§ Data for review:
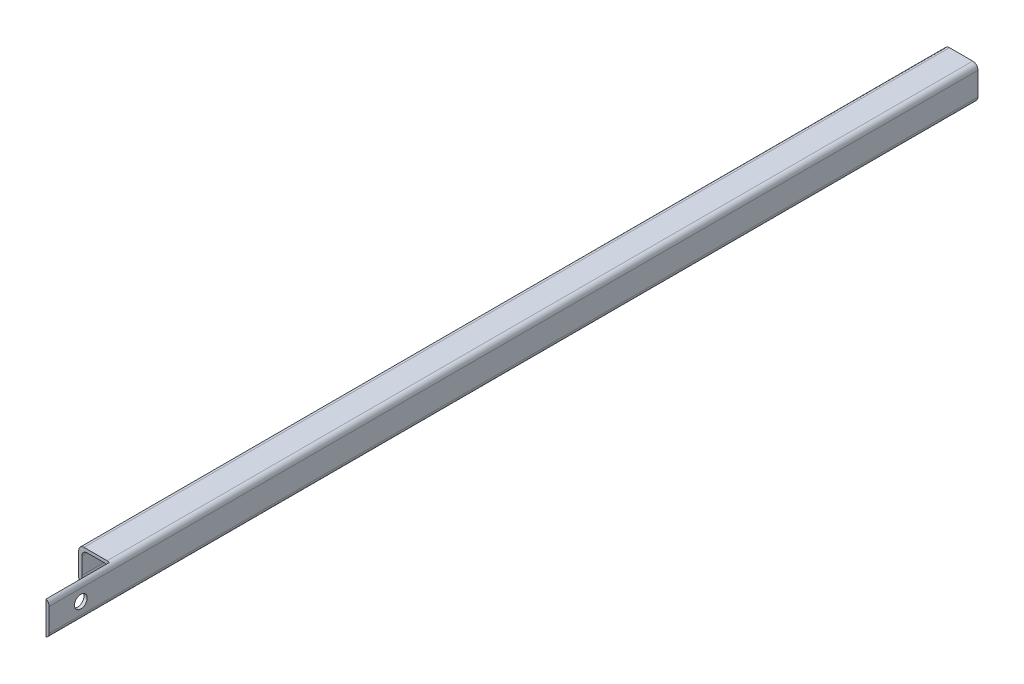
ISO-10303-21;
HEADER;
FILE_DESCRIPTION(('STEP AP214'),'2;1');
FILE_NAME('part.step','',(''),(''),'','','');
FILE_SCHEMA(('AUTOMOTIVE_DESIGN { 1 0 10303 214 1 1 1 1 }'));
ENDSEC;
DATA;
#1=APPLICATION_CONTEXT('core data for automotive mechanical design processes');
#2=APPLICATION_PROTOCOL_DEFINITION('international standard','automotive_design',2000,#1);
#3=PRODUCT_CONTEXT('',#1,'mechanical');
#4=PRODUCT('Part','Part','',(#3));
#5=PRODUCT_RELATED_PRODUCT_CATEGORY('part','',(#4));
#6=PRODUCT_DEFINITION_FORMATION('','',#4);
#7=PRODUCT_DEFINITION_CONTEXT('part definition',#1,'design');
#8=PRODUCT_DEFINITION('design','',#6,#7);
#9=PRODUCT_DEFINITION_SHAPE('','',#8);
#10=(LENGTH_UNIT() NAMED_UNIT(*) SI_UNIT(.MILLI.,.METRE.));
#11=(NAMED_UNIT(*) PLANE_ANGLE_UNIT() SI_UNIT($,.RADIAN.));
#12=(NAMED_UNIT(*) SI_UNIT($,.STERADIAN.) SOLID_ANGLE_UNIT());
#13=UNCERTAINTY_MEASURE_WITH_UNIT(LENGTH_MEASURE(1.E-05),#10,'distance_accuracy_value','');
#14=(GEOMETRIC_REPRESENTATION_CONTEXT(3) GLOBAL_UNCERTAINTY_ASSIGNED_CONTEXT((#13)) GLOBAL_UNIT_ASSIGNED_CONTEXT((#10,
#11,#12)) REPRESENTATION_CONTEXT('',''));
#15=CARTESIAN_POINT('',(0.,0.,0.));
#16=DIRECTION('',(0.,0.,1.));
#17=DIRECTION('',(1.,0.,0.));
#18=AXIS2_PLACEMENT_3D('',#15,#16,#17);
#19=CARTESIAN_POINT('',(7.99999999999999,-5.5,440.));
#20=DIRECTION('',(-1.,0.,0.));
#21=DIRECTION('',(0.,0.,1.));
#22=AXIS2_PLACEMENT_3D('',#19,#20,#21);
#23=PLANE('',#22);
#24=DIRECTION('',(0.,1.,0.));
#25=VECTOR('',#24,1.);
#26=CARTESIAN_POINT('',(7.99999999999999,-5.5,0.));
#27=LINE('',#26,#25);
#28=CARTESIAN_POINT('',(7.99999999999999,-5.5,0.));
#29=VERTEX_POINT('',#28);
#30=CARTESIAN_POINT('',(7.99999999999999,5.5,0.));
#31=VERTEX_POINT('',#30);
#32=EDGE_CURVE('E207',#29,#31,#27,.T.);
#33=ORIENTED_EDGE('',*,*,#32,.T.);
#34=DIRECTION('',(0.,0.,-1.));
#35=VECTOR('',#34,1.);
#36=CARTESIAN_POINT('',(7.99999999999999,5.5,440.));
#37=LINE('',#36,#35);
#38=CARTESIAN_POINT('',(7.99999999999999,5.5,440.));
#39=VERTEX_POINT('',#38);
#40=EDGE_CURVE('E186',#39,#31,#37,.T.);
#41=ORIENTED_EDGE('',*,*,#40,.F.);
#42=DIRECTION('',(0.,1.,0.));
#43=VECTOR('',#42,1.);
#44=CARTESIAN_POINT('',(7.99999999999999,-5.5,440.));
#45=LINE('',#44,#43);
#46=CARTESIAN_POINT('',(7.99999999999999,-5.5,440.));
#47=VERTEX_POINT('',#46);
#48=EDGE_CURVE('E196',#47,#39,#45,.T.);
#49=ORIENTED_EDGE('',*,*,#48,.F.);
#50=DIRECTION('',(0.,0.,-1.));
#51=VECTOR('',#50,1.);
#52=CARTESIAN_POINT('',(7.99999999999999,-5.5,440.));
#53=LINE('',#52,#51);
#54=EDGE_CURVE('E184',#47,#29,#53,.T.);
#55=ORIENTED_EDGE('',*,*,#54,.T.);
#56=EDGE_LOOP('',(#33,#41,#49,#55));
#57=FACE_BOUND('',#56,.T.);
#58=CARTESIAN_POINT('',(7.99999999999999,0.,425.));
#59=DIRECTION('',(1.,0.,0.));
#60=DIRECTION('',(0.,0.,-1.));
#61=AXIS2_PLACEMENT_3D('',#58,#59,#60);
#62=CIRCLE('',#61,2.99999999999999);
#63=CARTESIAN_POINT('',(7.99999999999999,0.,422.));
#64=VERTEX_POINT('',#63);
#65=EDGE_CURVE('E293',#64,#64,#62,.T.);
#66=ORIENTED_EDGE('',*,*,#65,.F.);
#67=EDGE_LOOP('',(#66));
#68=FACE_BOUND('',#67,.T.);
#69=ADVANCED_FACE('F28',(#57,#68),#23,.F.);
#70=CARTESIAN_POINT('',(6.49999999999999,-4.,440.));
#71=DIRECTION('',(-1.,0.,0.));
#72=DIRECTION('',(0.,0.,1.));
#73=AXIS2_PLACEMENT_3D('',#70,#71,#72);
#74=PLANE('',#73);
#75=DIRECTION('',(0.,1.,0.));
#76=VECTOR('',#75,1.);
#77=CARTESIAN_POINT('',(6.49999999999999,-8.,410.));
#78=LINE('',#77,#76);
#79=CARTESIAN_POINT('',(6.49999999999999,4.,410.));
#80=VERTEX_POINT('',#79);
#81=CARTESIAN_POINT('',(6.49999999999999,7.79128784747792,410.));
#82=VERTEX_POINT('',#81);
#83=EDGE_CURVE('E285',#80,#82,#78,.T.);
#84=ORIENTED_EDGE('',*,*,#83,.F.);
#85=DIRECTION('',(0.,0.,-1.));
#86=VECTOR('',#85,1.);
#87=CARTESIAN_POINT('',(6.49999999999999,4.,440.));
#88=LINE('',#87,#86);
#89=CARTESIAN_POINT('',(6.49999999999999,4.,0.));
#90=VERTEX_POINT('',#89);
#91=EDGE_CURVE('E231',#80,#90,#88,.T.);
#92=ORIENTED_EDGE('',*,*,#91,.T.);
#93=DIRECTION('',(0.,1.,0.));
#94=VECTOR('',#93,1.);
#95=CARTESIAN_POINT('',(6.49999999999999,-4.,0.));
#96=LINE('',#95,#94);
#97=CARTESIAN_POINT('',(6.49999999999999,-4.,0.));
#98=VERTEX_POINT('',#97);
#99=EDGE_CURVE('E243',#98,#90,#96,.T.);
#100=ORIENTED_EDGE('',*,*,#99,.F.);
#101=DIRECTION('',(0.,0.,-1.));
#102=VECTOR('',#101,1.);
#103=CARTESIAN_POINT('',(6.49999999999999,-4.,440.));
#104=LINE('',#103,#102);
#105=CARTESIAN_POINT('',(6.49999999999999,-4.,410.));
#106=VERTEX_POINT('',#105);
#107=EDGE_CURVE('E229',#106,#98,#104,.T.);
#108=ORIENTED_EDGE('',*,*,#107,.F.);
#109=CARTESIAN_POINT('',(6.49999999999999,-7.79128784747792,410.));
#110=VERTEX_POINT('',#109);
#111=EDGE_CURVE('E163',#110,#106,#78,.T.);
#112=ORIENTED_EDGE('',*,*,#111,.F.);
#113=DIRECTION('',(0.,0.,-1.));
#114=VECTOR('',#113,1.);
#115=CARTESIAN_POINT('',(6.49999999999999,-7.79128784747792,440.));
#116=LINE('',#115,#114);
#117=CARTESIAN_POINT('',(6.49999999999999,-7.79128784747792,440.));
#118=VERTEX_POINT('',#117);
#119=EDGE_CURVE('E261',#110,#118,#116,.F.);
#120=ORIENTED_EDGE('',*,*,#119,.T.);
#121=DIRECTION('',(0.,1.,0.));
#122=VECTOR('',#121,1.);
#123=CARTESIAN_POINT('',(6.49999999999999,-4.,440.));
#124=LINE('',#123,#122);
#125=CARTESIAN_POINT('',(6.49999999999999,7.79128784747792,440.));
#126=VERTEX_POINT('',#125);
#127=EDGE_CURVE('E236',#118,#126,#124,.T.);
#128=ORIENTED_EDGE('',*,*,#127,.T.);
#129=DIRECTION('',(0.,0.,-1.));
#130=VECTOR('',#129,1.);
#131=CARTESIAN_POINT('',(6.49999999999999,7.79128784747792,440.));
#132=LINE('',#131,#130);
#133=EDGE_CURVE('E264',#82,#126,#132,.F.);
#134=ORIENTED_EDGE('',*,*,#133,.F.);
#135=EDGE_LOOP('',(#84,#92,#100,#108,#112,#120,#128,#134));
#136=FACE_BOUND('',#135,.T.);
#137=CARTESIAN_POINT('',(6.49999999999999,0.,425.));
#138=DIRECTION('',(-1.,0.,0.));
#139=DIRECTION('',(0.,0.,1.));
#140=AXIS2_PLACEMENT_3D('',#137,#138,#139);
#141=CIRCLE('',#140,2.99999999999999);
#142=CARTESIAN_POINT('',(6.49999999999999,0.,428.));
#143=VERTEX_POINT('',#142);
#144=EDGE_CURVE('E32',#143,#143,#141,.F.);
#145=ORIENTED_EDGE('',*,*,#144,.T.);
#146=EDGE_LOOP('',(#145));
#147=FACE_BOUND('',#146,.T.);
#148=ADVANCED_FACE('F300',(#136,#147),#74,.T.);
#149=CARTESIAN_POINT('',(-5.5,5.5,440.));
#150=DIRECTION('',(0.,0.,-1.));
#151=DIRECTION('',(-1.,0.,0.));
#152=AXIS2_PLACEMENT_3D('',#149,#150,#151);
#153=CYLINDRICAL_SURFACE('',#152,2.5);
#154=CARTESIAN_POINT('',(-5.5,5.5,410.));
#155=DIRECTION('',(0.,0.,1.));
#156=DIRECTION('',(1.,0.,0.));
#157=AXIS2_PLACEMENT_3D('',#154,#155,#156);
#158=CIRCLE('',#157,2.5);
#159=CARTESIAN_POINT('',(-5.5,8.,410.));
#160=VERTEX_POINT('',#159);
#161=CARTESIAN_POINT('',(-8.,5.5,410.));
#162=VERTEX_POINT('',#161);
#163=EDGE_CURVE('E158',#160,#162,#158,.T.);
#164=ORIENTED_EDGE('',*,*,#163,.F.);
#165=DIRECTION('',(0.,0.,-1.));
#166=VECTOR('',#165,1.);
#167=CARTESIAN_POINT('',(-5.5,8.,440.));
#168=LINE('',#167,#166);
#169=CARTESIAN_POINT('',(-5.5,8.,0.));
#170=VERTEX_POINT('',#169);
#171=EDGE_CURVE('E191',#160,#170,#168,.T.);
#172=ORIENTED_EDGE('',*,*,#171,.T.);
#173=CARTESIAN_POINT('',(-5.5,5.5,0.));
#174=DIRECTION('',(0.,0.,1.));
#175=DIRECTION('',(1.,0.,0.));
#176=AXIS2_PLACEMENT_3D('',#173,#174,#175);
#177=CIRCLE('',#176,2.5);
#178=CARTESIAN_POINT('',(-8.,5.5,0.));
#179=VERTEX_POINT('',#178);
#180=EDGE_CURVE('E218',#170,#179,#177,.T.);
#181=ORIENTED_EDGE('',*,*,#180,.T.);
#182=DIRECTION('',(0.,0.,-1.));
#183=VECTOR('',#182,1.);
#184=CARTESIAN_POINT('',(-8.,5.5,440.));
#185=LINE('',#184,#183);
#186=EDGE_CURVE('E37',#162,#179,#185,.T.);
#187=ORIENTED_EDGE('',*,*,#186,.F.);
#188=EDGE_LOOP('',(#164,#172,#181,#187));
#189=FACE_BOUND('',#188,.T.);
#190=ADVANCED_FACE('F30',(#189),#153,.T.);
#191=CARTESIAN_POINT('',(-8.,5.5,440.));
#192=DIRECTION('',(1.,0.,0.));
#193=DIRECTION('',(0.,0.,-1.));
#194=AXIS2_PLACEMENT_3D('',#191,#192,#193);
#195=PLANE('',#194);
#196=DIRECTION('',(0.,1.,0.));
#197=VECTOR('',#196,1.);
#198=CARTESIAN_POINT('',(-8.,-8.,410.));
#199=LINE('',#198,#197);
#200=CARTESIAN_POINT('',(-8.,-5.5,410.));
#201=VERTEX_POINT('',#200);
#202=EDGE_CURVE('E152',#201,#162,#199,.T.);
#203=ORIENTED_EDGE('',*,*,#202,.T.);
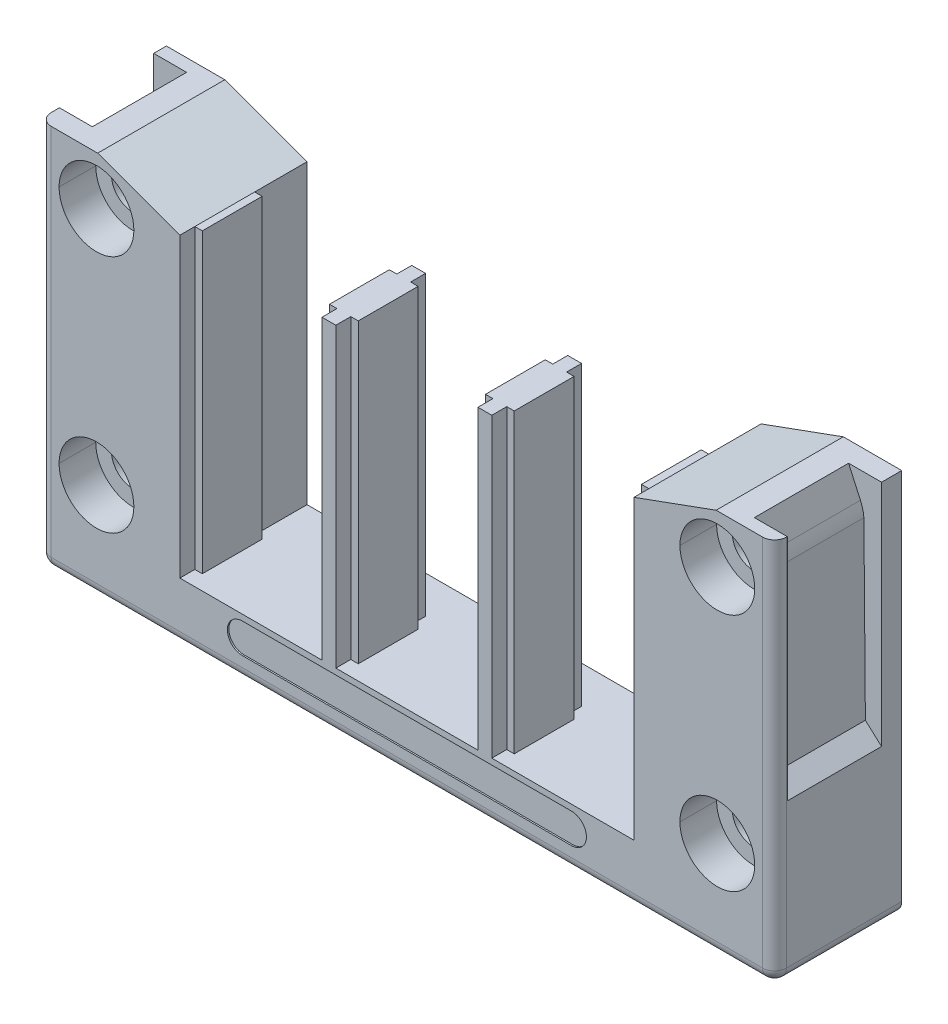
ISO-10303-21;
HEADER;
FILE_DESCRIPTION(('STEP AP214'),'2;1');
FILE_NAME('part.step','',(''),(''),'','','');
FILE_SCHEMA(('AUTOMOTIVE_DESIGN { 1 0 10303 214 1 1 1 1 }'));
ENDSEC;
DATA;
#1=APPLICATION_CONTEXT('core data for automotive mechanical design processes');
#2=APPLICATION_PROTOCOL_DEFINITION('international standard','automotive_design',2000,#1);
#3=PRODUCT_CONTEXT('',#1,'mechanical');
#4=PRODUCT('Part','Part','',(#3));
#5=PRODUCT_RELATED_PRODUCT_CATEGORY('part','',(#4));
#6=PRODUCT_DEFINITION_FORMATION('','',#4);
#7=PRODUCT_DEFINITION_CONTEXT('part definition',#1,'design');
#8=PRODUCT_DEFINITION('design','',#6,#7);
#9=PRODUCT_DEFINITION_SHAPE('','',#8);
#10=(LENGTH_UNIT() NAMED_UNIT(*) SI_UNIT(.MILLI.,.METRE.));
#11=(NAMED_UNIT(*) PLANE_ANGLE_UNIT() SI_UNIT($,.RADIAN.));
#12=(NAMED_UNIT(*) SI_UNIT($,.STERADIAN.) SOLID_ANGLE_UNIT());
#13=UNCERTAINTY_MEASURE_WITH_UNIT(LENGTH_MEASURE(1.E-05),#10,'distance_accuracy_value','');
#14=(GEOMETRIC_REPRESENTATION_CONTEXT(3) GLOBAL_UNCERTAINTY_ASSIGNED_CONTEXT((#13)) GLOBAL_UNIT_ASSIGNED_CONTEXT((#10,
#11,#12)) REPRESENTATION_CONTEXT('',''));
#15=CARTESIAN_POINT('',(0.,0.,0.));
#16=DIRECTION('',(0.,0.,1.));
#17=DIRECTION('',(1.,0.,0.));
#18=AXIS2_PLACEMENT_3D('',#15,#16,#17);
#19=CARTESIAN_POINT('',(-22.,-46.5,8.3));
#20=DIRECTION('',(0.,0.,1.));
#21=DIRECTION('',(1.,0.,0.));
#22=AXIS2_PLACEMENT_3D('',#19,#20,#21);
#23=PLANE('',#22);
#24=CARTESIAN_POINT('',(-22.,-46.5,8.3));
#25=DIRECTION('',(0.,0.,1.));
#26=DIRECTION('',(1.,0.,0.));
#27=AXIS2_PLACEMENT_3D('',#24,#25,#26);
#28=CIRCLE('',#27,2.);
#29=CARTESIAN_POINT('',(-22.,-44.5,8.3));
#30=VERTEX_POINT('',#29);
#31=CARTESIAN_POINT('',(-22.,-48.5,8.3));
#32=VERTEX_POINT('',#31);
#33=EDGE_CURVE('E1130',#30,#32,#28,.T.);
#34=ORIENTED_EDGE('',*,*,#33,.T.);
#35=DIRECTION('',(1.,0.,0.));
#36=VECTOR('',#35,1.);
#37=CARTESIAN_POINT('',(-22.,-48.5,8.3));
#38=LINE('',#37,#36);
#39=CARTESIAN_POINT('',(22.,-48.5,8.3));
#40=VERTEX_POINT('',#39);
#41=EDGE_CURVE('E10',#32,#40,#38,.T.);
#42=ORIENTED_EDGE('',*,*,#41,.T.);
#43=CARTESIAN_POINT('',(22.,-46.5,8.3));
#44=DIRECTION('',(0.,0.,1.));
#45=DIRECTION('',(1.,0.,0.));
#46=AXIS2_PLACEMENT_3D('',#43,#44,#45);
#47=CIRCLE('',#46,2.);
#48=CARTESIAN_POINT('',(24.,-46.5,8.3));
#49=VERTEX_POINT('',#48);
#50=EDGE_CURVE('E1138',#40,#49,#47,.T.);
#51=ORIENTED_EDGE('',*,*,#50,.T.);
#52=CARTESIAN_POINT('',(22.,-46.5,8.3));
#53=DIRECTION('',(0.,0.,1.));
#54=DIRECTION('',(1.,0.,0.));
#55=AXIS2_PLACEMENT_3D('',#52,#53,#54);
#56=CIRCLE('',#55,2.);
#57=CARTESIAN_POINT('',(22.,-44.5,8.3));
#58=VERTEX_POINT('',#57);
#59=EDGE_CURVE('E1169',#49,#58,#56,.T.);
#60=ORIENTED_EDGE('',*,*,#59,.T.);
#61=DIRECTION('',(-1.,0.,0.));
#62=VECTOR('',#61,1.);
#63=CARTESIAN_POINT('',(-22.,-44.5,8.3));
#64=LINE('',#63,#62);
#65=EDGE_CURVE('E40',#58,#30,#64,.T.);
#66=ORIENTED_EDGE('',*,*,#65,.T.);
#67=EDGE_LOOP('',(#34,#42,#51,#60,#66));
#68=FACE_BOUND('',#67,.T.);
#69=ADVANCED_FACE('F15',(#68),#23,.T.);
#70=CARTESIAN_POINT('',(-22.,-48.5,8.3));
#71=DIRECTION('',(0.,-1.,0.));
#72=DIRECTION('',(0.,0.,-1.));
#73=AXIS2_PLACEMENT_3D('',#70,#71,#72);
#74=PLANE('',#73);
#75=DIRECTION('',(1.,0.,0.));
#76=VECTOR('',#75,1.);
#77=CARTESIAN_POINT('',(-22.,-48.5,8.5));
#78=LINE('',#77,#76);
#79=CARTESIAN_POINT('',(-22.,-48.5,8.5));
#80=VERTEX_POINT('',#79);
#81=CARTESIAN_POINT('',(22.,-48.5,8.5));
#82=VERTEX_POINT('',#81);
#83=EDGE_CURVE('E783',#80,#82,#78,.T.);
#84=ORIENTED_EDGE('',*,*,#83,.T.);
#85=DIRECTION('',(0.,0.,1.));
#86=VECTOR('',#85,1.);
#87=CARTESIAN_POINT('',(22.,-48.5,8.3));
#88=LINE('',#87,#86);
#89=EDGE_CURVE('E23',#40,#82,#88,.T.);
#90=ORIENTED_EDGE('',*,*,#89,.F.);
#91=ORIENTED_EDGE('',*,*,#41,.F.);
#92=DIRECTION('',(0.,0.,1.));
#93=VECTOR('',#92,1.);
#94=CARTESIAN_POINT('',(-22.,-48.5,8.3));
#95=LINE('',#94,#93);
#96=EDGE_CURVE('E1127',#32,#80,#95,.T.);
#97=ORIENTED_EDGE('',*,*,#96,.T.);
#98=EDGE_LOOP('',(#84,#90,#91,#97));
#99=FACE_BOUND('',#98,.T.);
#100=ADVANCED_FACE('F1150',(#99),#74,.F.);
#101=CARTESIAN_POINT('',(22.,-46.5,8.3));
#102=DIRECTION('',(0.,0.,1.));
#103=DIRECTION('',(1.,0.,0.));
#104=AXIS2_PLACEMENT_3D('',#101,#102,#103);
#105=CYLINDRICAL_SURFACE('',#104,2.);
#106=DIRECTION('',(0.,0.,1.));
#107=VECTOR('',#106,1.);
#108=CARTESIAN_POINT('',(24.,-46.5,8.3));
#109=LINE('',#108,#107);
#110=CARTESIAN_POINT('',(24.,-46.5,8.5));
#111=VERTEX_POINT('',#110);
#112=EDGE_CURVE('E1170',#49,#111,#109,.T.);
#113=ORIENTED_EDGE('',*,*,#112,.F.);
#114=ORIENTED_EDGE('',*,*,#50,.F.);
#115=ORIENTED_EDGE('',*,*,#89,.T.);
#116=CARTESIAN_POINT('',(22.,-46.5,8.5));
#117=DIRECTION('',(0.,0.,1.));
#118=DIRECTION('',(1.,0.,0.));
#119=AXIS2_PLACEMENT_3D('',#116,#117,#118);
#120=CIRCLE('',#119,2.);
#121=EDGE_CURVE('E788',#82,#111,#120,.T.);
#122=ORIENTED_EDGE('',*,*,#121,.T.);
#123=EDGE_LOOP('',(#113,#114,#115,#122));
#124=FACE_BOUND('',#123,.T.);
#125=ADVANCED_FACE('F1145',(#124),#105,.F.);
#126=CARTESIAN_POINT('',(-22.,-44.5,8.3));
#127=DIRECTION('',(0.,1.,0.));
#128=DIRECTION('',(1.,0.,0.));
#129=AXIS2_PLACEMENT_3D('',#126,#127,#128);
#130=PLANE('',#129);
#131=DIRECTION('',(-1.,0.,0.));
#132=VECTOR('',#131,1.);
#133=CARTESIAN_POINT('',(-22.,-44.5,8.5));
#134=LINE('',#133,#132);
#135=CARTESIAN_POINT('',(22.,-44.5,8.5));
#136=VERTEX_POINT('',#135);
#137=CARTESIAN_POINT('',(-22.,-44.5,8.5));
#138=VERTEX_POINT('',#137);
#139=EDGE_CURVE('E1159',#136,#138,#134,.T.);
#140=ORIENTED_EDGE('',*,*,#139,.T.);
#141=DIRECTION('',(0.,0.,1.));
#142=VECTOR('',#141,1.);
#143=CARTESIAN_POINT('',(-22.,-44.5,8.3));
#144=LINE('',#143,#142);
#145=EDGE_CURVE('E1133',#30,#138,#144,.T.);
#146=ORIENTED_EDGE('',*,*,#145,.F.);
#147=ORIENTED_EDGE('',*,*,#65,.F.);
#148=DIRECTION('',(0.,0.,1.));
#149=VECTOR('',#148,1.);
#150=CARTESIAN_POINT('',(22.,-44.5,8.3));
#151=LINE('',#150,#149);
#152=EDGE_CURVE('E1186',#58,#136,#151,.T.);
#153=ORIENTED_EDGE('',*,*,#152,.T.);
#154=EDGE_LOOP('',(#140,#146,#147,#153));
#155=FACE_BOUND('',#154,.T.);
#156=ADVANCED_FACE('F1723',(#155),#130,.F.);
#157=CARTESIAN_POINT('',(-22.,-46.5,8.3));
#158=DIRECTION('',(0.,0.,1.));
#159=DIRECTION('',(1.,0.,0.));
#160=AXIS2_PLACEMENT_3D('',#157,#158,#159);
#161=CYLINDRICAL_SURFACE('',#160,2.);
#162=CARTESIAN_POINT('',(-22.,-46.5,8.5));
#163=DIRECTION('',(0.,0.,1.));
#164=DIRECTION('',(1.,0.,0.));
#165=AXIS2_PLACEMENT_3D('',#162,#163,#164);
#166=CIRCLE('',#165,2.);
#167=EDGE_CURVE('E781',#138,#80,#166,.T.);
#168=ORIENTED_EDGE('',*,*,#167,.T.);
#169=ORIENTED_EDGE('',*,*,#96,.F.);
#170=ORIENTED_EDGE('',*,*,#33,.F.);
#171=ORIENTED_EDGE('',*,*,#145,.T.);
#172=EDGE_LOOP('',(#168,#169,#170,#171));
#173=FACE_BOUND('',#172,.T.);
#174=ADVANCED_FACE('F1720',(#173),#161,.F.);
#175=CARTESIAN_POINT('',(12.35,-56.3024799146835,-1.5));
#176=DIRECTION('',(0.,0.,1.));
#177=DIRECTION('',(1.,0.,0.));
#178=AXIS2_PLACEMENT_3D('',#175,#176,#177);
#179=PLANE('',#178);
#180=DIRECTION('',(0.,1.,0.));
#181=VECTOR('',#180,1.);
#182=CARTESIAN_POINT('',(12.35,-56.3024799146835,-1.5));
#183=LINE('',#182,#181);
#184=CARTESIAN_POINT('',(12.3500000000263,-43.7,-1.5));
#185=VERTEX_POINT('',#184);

§ Task description: Up to and including the line that contains "#39=VERTEX_POINT('',#38);", print the records above exactly from their first line, without any pictures.

§ Written reply:
ISO-10303-21;
HEADER;
FILE_DESCRIPTION(('STEP AP214'),'2;1');
FILE_NAME('part.step','',(''),(''),'','','');
FILE_SCHEMA(('AUTOMOTIVE_DESIGN { 1 0 10303 214 1 1 1 1 }'));
ENDSEC;
DATA;
#1=APPLICATION_CONTEXT('core data for automotive mechanical design processes');
#2=APPLICATION_PROTOCOL_DEFINITION('international standard','automotive_design',2000,#1);
#3=PRODUCT_CONTEXT('',#1,'mechanical');
#4=PRODUCT('Part','Part','',(#3));
#5=PRODUCT_RELATED_PRODUCT_CATEGORY('part','',(#4));
#6=PRODUCT_DEFINITION_FORMATION('','',#4);
#7=PRODUCT_DEFINITION_CONTEXT('part definition',#1,'design');
#8=PRODUCT_DEFINITION('design','',#6,#7);
#9=PRODUCT_DEFINITION_SHAPE('','',#8);
#10=(LENGTH_UNIT() NAMED_UNIT(*) SI_UNIT(.MILLI.,.METRE.));
#11=(NAMED_UNIT(*) PLANE_ANGLE_UNIT() SI_UNIT($,.RADIAN.));
#12=(NAMED_UNIT(*) SI_UNIT($,.STERADIAN.) SOLID_ANGLE_UNIT());
#13=UNCERTAINTY_MEASURE_WITH_UNIT(LENGTH_MEASURE(1.E-05),#10,'distance_accuracy_value','');
#14=(GEOMETRIC_REPRESENTATION_CONTEXT(3) GLOBAL_UNCERTAINTY_ASSIGNED_CONTEXT((#13)) GLOBAL_UNIT_ASSIGNED_CONTEXT((#10,
#11,#12)) REPRESENTATION_CONTEXT('',''));
#15=CARTESIAN_POINT('',(0.,0.,0.));
#16=DIRECTION('',(0.,0.,1.));
#17=DIRECTION('',(1.,0.,0.));
#18=AXIS2_PLACEMENT_3D('',#15,#16,#17);
#19=CARTESIAN_POINT('',(7.99999999999999,-5.5,440.));
#20=DIRECTION('',(-1.,0.,0.));
#21=DIRECTION('',(0.,0.,1.));
#22=AXIS2_PLACEMENT_3D('',#19,#20,#21);
#23=PLANE('',#22);
#24=DIRECTION('',(0.,1.,0.));
#25=VECTOR('',#24,1.);
#26=CARTESIAN_POINT('',(7.99999999999999,-5.5,0.));
#27=LINE('',#26,#25);
#28=CARTESIAN_POINT('',(7.99999999999999,-5.5,0.));
#29=VERTEX_POINT('',#28);
#30=CARTESIAN_POINT('',(7.99999999999999,5.5,0.));
#31=VERTEX_POINT('',#30);
#32=EDGE_CURVE('E207',#29,#31,#27,.T.);
#33=ORIENTED_EDGE('',*,*,#32,.T.);
#34=DIRECTION('',(0.,0.,-1.));
#35=VECTOR('',#34,1.);
#36=CARTESIAN_POINT('',(7.99999999999999,5.5,440.));
#37=LINE('',#36,#35);
#38=CARTESIAN_POINT('',(7.99999999999999,5.5,440.));
#39=VERTEX_POINT('',#38);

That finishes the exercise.